Runaway Truck Slams Into Home
When the rumbling noise began, Dorothy Muller of Lomita recalled Friday, she and her husband were in their living room watching television. Their 4-year-old son, Ryan, was asleep upstairs.
An earthquake, Muller said she thought when she first heard the noise at about 11 p.m. Thursday. Seconds later, neither she nor her husband, Pat, had time to think.
“We were both thrown on the floor,” Muller said. “I got up and ran upstairs to get our child while my husband called 911. Then we ran outside. . . . “
Once outside, the Mullers discovered to their horror that a driverless, runaway tractor-trailer rig had plowed into their condominium, embedding itself in a wall. The truck destroyed a station wagon parked in the couple’s garage and smashed into a second-story balcony. Bro
ken glass went flying into the den where the Mullers usually relax at that hour.
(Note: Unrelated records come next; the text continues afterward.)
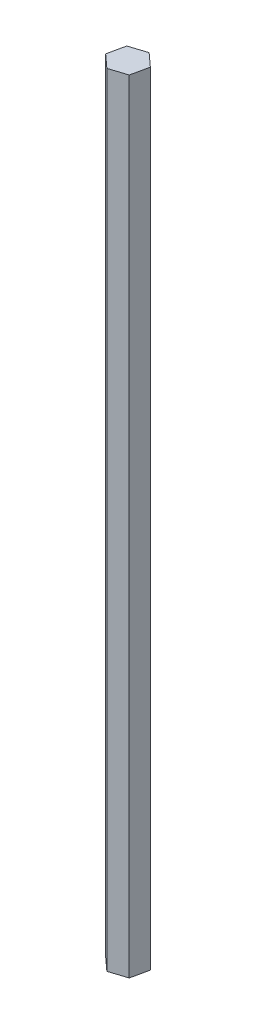
from build123d import *

# Parameters (mm, degrees)
BOSS_EXTRUDE1_DEPTH = 127


with BuildPart() as part:
    # Sketch2 → Boss-Extrude1 (new body)
    with BuildSketch(Plane(origin=(0, 0, 0), x_dir=(1, 0, 0), z_dir=(0, 1, 0))):
        Polygon((2.137295047, -1.940438924), (2.749116926, 0.880732344), (0.611821879, 2.821171268), (-2.137295047, 1.940438924), (-2.749116926, -0.880732344), (-0.611821879, -2.821171268), align=None)
    extrude(amount=BOSS_EXTRUDE1_DEPTH)


solid = part.part
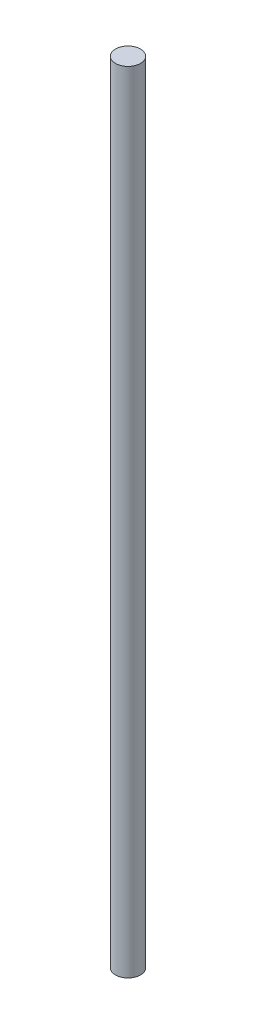
from build123d import *

# Parameters (mm, degrees)
SKETCH1_R           = 2.5
BOSS_EXTRUDE1_DEPTH = 158


with BuildPart() as part:
    # Sketch1 → Boss-Extrude1 (new body)
    with BuildSketch(Plane(origin=(0, 0, 0), x_dir=(1, 0, 0), z_dir=(0, 1, 0))):
        with Locations(Location((0, 0, 0), (0, 0, 270))):
            Circle(SKETCH1_R)
    extrude(amount=BOSS_EXTRUDE1_DEPTH)


solid = part.part
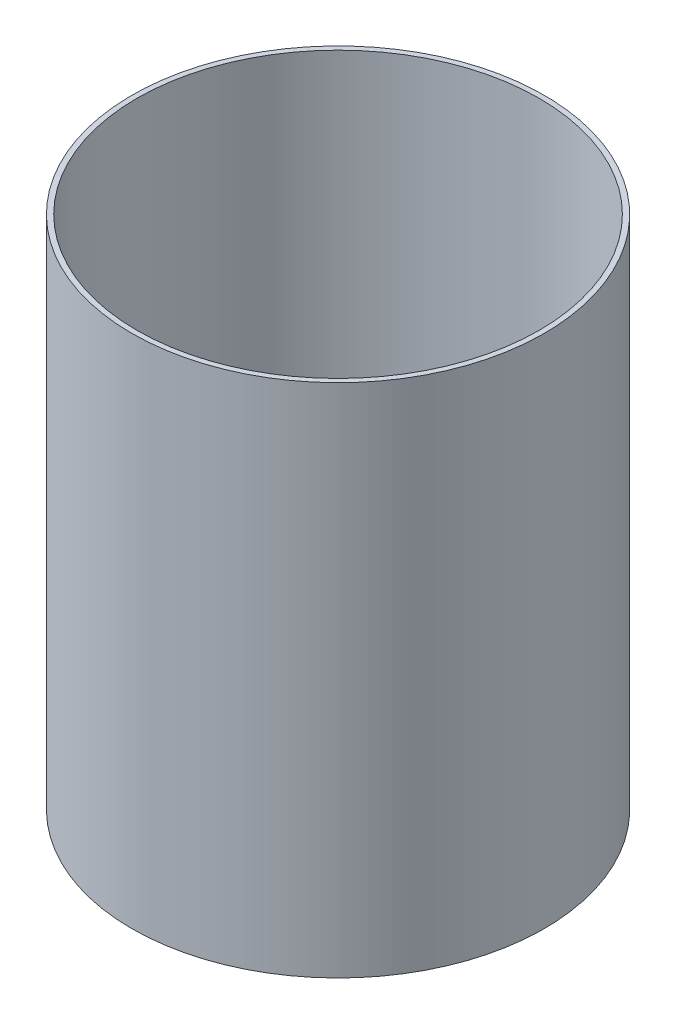
from build123d import *

# Parameters (mm, degrees)
SKETCH1_R           = 101.6
SKETCH1_R_2         = 99.06
BOSS_EXTRUDE1_DEPTH = 254


with BuildPart() as part:
    # Sketch1 → Boss-Extrude1 (new body)
    with BuildSketch(Plane(origin=(0, 0, 0), x_dir=(1, 0, 0), z_dir=(0, 1, 0))):
        with Locations(Location((0, 0, 0), (0, 0, 270))):
            Circle(SKETCH1_R)
        with Locations(Location((0, 0, 0), (0, 0, 270))):
            Circle(SKETCH1_R_2, mode=Mode.SUBTRACT)
    extrude(amount=BOSS_EXTRUDE1_DEPTH)


solid = part.part

“We normally sit in the den and watch television, but since I worked late we were watching the 11 o’clock news in the living room,” Pat Muller said. “We’re just lucky we were sitting where we were rather than in our normal place (or) we would not be speaking to you.”
Los Angeles County Sheriff’s Deputy Eugene Peterson gave this account of the crash:
Legally Parked
Shortly before 11 p.m., Casto Narvaez, 29, legally parked the truck belonging to CP Transporters Inc. of Long Beach on Western Avenue just north of Palos Verdes Drive North. Narvaez had parked the big rig there so he could pick up his car, which he had left across the street at a girlfriend’s house, Peterson said.
But for reasons still unknown to traffic investigators, the brakes on the truck did not hold and it began coasting down a steep section of Western Avenue toward the Muller’s condominium complex about half a mile away. As it coasted, it picked up speed.
Besides the Mullers, some of their neighbors also heard the truck and thought that an earthquake was occurring. Others said they knew that the noise was made by a truck.
“I heard it bouncing all the way from the top of the street,” said Bill Powell, 36.
As the truck careened down the street, it went over a median divider and into opposing traffic lanes, Peterson said. The rig sideswiped a parked car, cut a telephone pole in two, grazed a cement retaining wall and then smashed into the side of the Mullers’ home in the 1800 block of West 262nd Street.
Emergency personnel briefly evacuated the 50-unit complex until it was determined that residents were in no danger. Manning Harris, 41, who lives in the complex, extinguished a small fire that had broken out in the truck’s cab before firefighters arrived.
Although Dorothy Muller suffered a few bumps and bruises, Peterson said there were no other injuries. “It’s probably a one-in-a-million chance that no one was hurt.”
Support Beams
Because the truck damaged several of the building’s support beams, it cannot be removed until civil engineers inspect the building, Peterson said. In the meantime, the truck’s trailer is blocking the driveway leading to 10 units, making it impossible for those residents to get their vehicles out of their garages.
Dorothy Muller said she does not know where the family will stay until they can move back into their home. “I just thank God we are alive and can talk about it,” she said.